Commonly used functions in the Pandas library and how to use them
This article lists important functions in the Pandas library for Python and provides guidance on how to use them. Pandas is a powerful tool for data manipulation and analysis in Python.
Pandas is a powerful Python library used for data manipulation and analysis. It provides a lot of useful functions to handle data, from creating, querying to processing and transforming data. In this article, we will list the available functions in Pandas and how to use them.
1. pd.read_csv()
Read data from a CSV file into a DataFrame.
import pandas as pd
df = pd.read_csv('data.csv')
print(df.head())
2. pd.DataFrame()
Create a DataFrame from data.
data = {'Name': ['Alice', 'Bob', 'Charlie'], 'Age': [25, 30, 35]}
df = pd.DataFrame(data)
print(df)
3. df.head()
View the first 5 rows of the DataFrame.
print(df.head())
4. df.tail()
View the last 5 rows of the DataFrame.
print(df.tail())
5. df.info()
View general information about the DataFrame.
print(df.info())
6. df.describe()
Summary statistics of the DataFrame.
print(df.describe())
7. df.shape
Return the number of rows and columns of the DataFrame.
print(df.shape)
8. df.columns
Get the list of column names.
print(df.columns)
9. df.dtypes
Return the data type of each column.
print(df.dtypes)
10. df['column_name']
Access a column of the DataFrame.
print(df['Name'])
11. df.loc[]
Access rows by label (label-based).
print(df.loc[0])
12. df.iloc[]
Access rows by index (index-based).
print(df.iloc[0])
13. df.drop()
Drop rows or columns from the DataFrame.
df = df.drop('Age', axis=1)
print(df)
14. df.isnull()
Check for missing values in the DataFrame.
print(df.isnull())
15. df.fillna()
Fill missing values in the DataFrame.
df = df.fillna(0)
print(df)
16. df.sort_values()
Sort data by one or more columns.
df = df.sort_values('Age')
print(df)
17. df.groupby()
Group data by one or more columns.
grouped = df.groupby('Age')
print(grouped.mean())
18. df.merge()
Merge two DataFrames based on one or more keys.

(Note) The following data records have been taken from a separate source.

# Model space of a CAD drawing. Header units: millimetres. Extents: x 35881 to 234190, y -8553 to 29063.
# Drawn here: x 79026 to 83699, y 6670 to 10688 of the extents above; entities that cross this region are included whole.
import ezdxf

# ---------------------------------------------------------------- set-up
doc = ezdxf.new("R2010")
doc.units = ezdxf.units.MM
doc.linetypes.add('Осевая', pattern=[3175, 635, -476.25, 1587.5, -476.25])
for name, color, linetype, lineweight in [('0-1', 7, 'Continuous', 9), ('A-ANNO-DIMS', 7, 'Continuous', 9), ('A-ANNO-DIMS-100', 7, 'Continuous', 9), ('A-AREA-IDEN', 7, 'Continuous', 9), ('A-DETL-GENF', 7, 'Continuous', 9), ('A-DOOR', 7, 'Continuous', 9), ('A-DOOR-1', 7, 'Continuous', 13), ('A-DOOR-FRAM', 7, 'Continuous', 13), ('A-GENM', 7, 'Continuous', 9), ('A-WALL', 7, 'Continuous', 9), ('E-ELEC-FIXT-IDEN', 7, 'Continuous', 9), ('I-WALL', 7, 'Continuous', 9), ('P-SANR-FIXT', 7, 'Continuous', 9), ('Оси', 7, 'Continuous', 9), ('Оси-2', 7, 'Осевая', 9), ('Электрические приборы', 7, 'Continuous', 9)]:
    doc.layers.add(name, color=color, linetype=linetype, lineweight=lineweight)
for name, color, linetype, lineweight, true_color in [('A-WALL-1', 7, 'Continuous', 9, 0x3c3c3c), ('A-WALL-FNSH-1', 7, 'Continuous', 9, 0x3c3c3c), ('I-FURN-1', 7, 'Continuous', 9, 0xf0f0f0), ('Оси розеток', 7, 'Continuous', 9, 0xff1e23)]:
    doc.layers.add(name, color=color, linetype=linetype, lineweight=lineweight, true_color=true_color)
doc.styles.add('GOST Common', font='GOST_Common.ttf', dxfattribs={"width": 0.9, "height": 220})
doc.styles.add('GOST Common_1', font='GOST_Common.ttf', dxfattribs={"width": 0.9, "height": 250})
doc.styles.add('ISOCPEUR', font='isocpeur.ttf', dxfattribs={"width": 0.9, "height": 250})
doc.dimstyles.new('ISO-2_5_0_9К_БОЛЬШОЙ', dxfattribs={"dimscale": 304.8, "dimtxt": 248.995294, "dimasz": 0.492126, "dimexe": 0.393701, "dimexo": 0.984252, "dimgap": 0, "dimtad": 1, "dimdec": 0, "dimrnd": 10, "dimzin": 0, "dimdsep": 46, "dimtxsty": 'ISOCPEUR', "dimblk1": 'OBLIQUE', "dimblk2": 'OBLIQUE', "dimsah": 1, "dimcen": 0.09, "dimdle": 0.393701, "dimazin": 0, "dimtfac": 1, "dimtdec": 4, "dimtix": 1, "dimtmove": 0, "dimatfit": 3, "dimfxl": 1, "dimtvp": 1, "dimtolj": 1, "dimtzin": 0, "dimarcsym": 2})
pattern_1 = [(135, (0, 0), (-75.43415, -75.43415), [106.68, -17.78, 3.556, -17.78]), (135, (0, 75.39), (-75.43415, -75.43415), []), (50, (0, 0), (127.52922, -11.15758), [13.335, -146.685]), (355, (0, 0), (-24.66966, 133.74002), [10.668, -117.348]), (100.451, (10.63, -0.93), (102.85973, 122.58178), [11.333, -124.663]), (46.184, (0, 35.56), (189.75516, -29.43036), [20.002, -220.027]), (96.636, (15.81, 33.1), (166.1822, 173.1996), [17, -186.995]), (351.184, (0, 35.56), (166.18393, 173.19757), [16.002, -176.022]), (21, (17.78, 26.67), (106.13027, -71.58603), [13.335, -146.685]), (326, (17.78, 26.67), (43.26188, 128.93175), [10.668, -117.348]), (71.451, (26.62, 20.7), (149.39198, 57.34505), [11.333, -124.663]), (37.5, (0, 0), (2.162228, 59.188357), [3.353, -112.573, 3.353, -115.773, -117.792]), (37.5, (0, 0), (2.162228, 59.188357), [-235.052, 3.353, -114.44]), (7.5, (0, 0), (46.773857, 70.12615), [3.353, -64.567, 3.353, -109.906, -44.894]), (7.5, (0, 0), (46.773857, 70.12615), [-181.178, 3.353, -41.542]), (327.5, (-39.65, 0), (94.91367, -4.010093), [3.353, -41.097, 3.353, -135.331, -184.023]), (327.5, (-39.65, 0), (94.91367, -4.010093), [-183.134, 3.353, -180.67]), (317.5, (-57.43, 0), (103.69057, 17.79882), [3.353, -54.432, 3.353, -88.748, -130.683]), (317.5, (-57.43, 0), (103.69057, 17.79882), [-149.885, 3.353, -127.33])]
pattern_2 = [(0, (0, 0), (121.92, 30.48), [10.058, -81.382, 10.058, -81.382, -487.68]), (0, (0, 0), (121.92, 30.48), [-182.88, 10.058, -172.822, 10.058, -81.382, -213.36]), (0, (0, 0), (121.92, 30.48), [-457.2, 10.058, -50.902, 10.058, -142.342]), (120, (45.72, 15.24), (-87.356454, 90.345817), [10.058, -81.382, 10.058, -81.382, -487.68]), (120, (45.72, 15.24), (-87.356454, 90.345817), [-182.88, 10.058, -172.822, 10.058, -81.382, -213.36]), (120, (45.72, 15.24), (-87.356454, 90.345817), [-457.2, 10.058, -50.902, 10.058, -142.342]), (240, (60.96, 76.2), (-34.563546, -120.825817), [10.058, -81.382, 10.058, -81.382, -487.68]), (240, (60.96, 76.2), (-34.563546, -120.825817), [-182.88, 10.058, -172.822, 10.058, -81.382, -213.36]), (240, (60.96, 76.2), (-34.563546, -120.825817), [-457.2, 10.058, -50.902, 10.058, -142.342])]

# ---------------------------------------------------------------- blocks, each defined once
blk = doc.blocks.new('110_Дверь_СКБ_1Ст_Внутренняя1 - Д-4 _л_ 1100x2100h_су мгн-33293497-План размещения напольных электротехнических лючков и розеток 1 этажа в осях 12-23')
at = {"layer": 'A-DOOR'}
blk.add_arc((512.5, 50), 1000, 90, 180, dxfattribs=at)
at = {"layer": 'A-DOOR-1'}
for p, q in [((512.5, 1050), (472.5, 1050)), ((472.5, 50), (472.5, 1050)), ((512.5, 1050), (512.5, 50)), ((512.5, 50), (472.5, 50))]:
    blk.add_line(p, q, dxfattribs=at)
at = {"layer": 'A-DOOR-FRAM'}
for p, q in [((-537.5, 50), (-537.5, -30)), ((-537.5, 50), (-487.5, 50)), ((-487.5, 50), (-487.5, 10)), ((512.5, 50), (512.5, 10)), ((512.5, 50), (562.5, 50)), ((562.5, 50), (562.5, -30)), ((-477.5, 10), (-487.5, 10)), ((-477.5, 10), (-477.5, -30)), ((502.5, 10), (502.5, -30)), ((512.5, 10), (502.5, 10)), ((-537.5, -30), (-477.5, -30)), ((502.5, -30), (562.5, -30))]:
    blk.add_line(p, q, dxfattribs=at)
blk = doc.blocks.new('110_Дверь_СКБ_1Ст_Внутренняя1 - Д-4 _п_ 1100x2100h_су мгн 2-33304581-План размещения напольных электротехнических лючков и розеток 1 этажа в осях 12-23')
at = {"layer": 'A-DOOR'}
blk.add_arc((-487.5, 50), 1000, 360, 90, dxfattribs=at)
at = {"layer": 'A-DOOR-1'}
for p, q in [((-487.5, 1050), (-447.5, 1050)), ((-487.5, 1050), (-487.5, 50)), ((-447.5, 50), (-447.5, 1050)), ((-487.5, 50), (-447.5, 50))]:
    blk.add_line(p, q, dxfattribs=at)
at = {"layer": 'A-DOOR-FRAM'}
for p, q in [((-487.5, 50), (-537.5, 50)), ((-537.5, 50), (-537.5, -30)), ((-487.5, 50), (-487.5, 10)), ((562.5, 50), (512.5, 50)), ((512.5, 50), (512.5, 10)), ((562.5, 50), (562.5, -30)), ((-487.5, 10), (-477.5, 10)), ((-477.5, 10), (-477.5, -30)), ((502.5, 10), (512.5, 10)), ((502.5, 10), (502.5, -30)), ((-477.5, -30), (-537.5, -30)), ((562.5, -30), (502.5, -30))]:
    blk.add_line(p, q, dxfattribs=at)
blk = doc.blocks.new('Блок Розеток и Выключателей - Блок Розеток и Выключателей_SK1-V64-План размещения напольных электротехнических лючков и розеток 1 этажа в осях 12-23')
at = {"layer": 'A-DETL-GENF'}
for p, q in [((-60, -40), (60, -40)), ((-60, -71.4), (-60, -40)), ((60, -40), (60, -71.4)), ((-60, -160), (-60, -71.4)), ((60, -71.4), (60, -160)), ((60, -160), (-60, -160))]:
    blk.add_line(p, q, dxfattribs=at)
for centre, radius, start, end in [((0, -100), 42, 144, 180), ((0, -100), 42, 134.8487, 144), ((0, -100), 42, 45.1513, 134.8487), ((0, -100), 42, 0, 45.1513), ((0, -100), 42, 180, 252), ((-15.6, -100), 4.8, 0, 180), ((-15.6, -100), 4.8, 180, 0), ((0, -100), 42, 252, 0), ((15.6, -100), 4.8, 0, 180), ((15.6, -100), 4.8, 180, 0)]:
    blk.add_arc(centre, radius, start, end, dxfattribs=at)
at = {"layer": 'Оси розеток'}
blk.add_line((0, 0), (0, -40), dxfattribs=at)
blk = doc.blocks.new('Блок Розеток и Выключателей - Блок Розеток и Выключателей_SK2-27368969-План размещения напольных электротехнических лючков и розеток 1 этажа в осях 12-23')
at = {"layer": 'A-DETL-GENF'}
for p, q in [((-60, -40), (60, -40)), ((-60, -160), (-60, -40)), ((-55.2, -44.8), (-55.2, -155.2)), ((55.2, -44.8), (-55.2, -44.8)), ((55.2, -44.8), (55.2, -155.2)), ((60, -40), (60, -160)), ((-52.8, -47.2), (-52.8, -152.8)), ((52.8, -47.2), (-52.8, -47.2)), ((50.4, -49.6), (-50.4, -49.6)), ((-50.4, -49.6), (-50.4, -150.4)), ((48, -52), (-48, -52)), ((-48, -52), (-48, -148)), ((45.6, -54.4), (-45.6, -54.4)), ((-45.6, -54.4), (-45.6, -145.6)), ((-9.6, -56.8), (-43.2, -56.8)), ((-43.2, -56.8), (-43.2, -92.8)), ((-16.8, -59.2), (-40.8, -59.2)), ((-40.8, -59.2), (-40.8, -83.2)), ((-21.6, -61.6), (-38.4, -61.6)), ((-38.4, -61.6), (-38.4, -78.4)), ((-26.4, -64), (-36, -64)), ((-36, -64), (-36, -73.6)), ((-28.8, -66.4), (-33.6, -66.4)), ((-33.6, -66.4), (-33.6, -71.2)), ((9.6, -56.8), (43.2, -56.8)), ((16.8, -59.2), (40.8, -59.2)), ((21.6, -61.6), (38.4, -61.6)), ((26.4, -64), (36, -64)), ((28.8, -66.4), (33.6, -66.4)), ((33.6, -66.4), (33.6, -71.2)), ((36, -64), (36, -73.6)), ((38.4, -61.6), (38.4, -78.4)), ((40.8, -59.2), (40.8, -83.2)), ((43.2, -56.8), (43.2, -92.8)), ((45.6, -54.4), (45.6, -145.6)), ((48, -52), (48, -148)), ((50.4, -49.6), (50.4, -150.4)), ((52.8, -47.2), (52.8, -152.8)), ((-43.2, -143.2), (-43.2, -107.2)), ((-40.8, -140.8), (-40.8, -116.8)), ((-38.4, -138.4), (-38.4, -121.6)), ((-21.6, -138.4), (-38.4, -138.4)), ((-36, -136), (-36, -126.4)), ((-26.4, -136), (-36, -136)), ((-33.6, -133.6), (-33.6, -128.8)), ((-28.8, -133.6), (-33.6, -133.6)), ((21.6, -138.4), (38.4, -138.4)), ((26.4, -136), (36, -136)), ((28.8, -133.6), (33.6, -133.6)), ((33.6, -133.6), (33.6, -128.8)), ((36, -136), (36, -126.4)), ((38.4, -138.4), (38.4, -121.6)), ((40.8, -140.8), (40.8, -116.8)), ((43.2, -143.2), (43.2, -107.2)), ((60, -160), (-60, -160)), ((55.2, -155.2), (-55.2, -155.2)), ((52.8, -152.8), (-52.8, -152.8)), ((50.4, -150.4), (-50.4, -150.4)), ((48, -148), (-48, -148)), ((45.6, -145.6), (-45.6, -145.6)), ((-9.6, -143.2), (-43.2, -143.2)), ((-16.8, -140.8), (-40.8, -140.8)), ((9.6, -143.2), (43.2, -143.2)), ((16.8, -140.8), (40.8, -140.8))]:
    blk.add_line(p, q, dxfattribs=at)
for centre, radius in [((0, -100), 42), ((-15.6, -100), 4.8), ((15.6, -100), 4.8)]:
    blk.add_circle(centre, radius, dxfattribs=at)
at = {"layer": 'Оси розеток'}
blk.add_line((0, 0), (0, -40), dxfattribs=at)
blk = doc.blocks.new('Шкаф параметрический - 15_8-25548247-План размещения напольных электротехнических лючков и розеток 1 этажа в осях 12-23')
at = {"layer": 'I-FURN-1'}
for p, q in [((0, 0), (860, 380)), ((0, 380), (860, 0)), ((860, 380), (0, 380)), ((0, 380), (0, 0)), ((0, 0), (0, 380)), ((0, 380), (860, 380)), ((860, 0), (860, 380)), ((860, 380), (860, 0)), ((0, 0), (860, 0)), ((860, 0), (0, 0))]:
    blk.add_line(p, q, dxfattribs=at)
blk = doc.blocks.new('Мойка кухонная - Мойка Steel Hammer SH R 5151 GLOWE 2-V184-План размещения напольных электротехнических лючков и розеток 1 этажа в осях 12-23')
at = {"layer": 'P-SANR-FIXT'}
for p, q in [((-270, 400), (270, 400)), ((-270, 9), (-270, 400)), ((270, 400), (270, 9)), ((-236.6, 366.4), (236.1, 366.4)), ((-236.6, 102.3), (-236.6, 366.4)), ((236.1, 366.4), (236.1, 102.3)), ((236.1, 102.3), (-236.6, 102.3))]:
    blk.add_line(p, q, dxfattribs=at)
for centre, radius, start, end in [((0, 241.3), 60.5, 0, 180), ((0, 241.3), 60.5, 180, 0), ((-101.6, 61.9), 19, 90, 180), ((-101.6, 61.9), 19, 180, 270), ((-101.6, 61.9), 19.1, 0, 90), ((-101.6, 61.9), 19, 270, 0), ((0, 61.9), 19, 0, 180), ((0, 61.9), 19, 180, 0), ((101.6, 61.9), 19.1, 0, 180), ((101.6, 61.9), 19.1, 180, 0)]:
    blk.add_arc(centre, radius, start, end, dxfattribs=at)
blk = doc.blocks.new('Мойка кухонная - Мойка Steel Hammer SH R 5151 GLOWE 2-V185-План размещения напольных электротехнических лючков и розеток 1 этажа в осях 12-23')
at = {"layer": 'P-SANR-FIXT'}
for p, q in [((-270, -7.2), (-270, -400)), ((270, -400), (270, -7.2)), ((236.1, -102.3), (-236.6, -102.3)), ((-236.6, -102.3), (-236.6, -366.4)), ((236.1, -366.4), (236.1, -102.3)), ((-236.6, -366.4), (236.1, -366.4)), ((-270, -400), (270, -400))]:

df1 = pd.DataFrame({'ID': [1, 2], 'Name': ['Alice', 'Bob']})
df2 = pd.DataFrame({'ID': [1, 2], 'Age': [25, 30]})
merged = df1.merge(df2, on='ID')
print(merged)
19. df.apply()
Apply a function to each row or column.
df['Age_plus_one'] = df['Age'].apply(lambda x: x + 1)
print(df)
20. df.to_csv()
Save DataFrame to a CSV file.
df.to_csv('output.csv', index=False)
System requirements:
- Python 3.6 or higher.
- Pandas library (install via pip).
How to install the library:
To install the Pandas library, simply use pip:
pip install pandas
Tips:
- When working with large datasets, you can use
df.memory_usage()
to see how much memory the DataFrame is consuming. - It’s a good practice to check your data carefully before applying operations to avoid errors from invalid or missing data.